A better search for visually similar images - pitdesi
http://graphics.cs.cmu.edu/projects/crossDomainMatching/

======
modeless
Wow, source code on Github, MIT licensed!
<https://github.com/quantombone/exemplarsvm>

------
maxjaderberg
Very nice paper. I am actually working on a project in a similar space using
very similar techniques, though emphasis is on speed of matching and retrieval
as well as matching the objects in the image rather than the image as a whole.
Little early demo here
[http://www.youtube.com/watch?v=h3YldXhG3Qc&feature=chann...](http://www.youtube.com/watch?v=h3YldXhG3Qc&feature=channel_video_title)

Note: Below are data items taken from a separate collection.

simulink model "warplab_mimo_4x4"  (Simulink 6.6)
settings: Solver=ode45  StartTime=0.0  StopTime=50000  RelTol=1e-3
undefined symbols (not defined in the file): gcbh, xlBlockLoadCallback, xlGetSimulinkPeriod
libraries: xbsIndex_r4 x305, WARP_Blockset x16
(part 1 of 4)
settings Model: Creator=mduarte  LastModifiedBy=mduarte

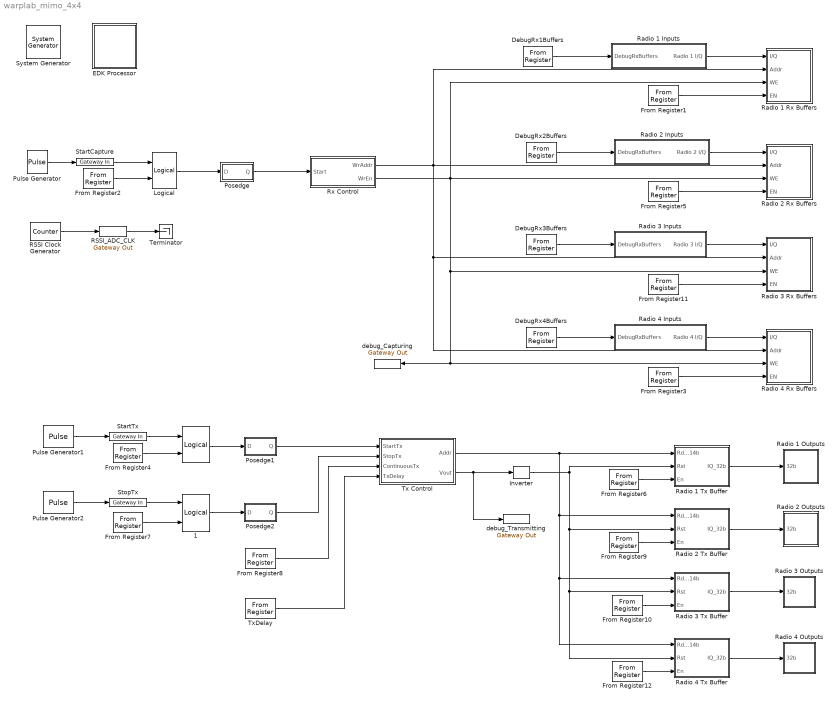
== system warplab_mimo_4x4 ==
  " " : xbsIndex_r4/Logical  logical_function=OR  inputs=2  en=off  latency=0  precision=Full  arith_type=Unsigned  n_bits=16  bin_pt=0  align_bp=on  dbl_ovrd=off  block_type=logical
      settings: block_version=9.1.01
  " 1" : xbsIndex_r4/Logical  logical_function=OR  inputs=2  en=off  latency=0  precision=Full  arith_type=Unsigned  n_bits=16  bin_pt=0  align_bp=on  dbl_ovrd=off  block_type=logical
      settings: block_version=9.1.01
  " System Generator" : xbsIndex_r4/ System Generator  Tag=genX  SystemSampleTime=-1  xilinxfamily=virtex2p  part=xc2vp70  speed=-6  package=ff1517  synthesis_tool=XST  clock_wrapper=Clock Enables  directory=./netlist  testbench=off  simulink_period=1  sysclk_period=10  dcm_input_clock_period=100  incr_netlist=off  trim_vbits=Everywhere in SubSystem  dbl_ovrd=According to Block Masks  core_generation=According to Block Masks  run_coregen=off  deprecated_control=off  eval_field=0  block_type=sysgen
      settings: block_version=10.1.3
  DebugRx1Buffers : xbsIndex_r4/From Register  shared_memory_name='DebugRx1Buffers'  init=0  period=1  ownership=Locally owned and initialized  arith_type=Unsigned  n_bits=1  bin_pt=0  dbl_ovrd=off  block_type=fromreg
      settings: AttributesFormatString=<< %<shared_memory_name> >>  infoedit="Register block that reads data to a shared memory register.  Delay of one sample period."  block_version=10.1.2
  DebugRx2Buffers : xbsIndex_r4/From Register  shared_memory_name='DebugRx2Buffers'  init=0  period=1  ownership=Locally owned and initialized  arith_type=Unsigned  n_bits=1  bin_pt=0  dbl_ovrd=off  block_type=fromreg
      settings: AttributesFormatString=<< %<shared_memory_name> >>  infoedit="Register block that reads data to a shared memory register.  Delay of one sample period."  block_version=10.1.2
  DebugRx3Buffers : xbsIndex_r4/From Register  shared_memory_name='DebugRx3Buffers'  init=0  period=1  ownership=Locally owned and initialized  arith_type=Unsigned  n_bits=1  bin_pt=0  dbl_ovrd=off  block_type=fromreg
      settings: AttributesFormatString=<< %<shared_memory_name> >>  infoedit="Register block that reads data to a shared memory register.  Delay of one sample period."  block_version=10.1.2
  DebugRx4Buffers : xbsIndex_r4/From Register  shared_memory_name='DebugRx4Buffers'  init=0  period=1  ownership=Locally owned and initialized  arith_type=Unsigned  n_bits=1  bin_pt=0  dbl_ovrd=off  block_type=fromreg
      settings: AttributesFormatString=<< %<shared_memory_name> >>  infoedit="Register block that reads data to a shared memory register.  Delay of one sample period."  block_version=10.1.2
  EDK Processor : Subsystem  LoadFcn=xlBlockLoadCallback(gcbh);  mask(Xilinx EDK Processor Block){mode=EDK pcore generation, xmp=, MemVisToProc=<qt bgcolor="#FFFFFF"><div><img src="C:\Xilinx\10.1\DSP_Tools\sysgen\data\images\registerplus.gif"> &lt;&lt;CaptureDone&gt;&gt;<br></div><div><img src="C:\Xilinx\10.1\DSP_Tools\sysgen\data\images\registerplus.gif"> &lt;&lt;DebugRx1Buffers&gt;&gt;<br></div><div><img src="C:\Xilinx\10.1\DSP_Tools\sysgen\data\images\registerplus.gif"> &lt;&lt;DebugRx2Buffers&gt;&gt;<br></div><div><img src="C:\Xilinx\10.1\DSP_Tools\sysgen\data\images\registerplus.gif"> &lt;&lt;DebugRx3Buffers&gt;&gt;<br></div><div><img src="C:\Xilinx\10.1\DSP_Tools\sysgen\data\images\registerplus.gif"> &lt;&lt;DebugRx4Buffers&gt;&gt;<br></div><div><img src="C:\Xilinx\10.1\DSP_Tools\sysgen\data\images\registerplus.gif"> &lt;&lt;RADIO1RXBUFF_RXEN&gt;&gt;<br></div><div><img src="C:\Xilinx\10.1\DSP_Tools\sysgen\data\images\registerplus.gif"> &lt;&lt;RADIO1TXBUFF_TXEN&gt;&gt;<br></div><div><img src="C:\Xilinx\10.1\DSP_Tools\sysgen\data\images\registerplus.gif"> &lt;&lt;RADIO2RXBUFF_RXEN&gt;&gt;<br></div><div><img src="C:\Xilinx\10.1\DSP_Tools\sysgen\data\images\registerplus.gif"> &lt;&lt;RADIO2TXBUFF_TXEN&gt;&gt;<br></div><div><img src="C:\Xilinx\10.1\DSP_Tools\sysgen\data\images\registerplus.gif"> &lt;&lt;RADIO3RXBUFF_RXEN&gt;&gt;<br></div><div><img src="C:\Xilinx\10.1\DSP_Tools\sysgen\data\images\registerplus.gif"> &lt;&lt;RADIO3TXBUFF_TXEN&gt;&gt;<br></div><div><img src="C:\Xilinx\10.1\DSP_Tools\sysgen\data\images\registerplus.gif"> &lt;&lt;RADIO4RXBUFF_RXEN&gt;&gt;<br></div><div><img src="C:\Xilinx\10.1\DSP_Tools\sysgen\data\images\registerplus.gif"> &lt;&lt;RADIO4TXBUFF_TXEN&gt;&gt;<br></div><div><img src="C:\Xilinx\10.1\DSP_Tools\sysgen\data\images\registerplus.gif"> &lt;&lt;StartCapture&gt;&gt;<br></div><div><img src="C:\Xilinx\10.1\DSP_Tools\sysgen\data\images\registerplus.gif"> &lt;&lt;StartTx&gt;&gt;<br></div><div><img src="C:\Xilinx\10.1\DSP_Tools\sysgen\data\images\registerplus.gif"> &lt;&lt;StopTx&gt;&gt;<br></div><div><img src="C:\Xilinx\10.1\DSP_Tools\sysgen\data\images\registerplus.gif"> &lt;&lt;TransMode&gt;&gt;<br></div><div><img src="C:\Xilinx\10.1\DSP_Tools\sysgen\data\images\registerplus.gif"> &lt;&lt;TxDelay&gt;&gt;<br></div><div><img src="C:\Xilinx\10.1\DSP_Tools\sysgen\data\images\registerplus.gif"> &lt;&lt;TxLength&gt;&gt;<br></div><div><img src="C:\Xilinx\10.1\DSP_Tools\sysgen\data\images\memoryplus.gif"> &lt;&lt;RxBuff_Radio1&gt;&gt;<br></div><div><img src="C:\Xilinx\10.1\DSP_Tools\sysgen\data\images\memoryplus.gif"> &lt;&lt;RxBuff_Radio2&gt;&gt;<br></div><div><img src="C:\Xilinx\10.1\DSP_Tools\sysgen\data\images\memoryplus.gif"> &lt;&lt;RxBuff_Radio3&gt;&gt;<br></div><div><img src="C:\Xilinx\10.1\DSP_Tools\sysgen\data\images\memoryplus.gif"> &lt;&lt;RxBuff_Radio4&gt;&gt;<br></div><div><img src="C:\Xilinx\10.1\DSP_Tools\sysgen\data\images\memoryplus.gif"> &lt;&lt;TxBuff_Radio1&gt;&gt;<br></div><div><img src="C:\Xilinx\10.1\DSP_Tools\sysgen\data\images\memoryplus.gif"> &lt;&lt;TxBuff_Radio2&gt;&gt;<br></div><div><img src="C:\Xilinx\10.1\DSP_Tools\sysgen\data\images\memoryplus.gif"> &lt;&lt;TxBuff_Radio3&gt;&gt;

Anyway, great work! The paper was a good read.

------
vlamingsjef
That's just brilliant. It reminds me a bit of Microsoft's Photosynth.

I think this technique provides a lot of possibilities for future consumers.
Maybe in the future you could cross-match your photos with an online database
and auto-adjust the color and light balance accordingly.

E.g. Let's say you went to visit Machu Picchu on a very cloudy and rainy day.
You come home and realize your photos look terrible. You put your photos in a
piece of software and match them with an online set of Machu Picchu photos.
You click on "auto-adjust" and hey presto, they are transformed in to a set of
photos that look perfectly lit and balanced. Or am I just dreaming out loud.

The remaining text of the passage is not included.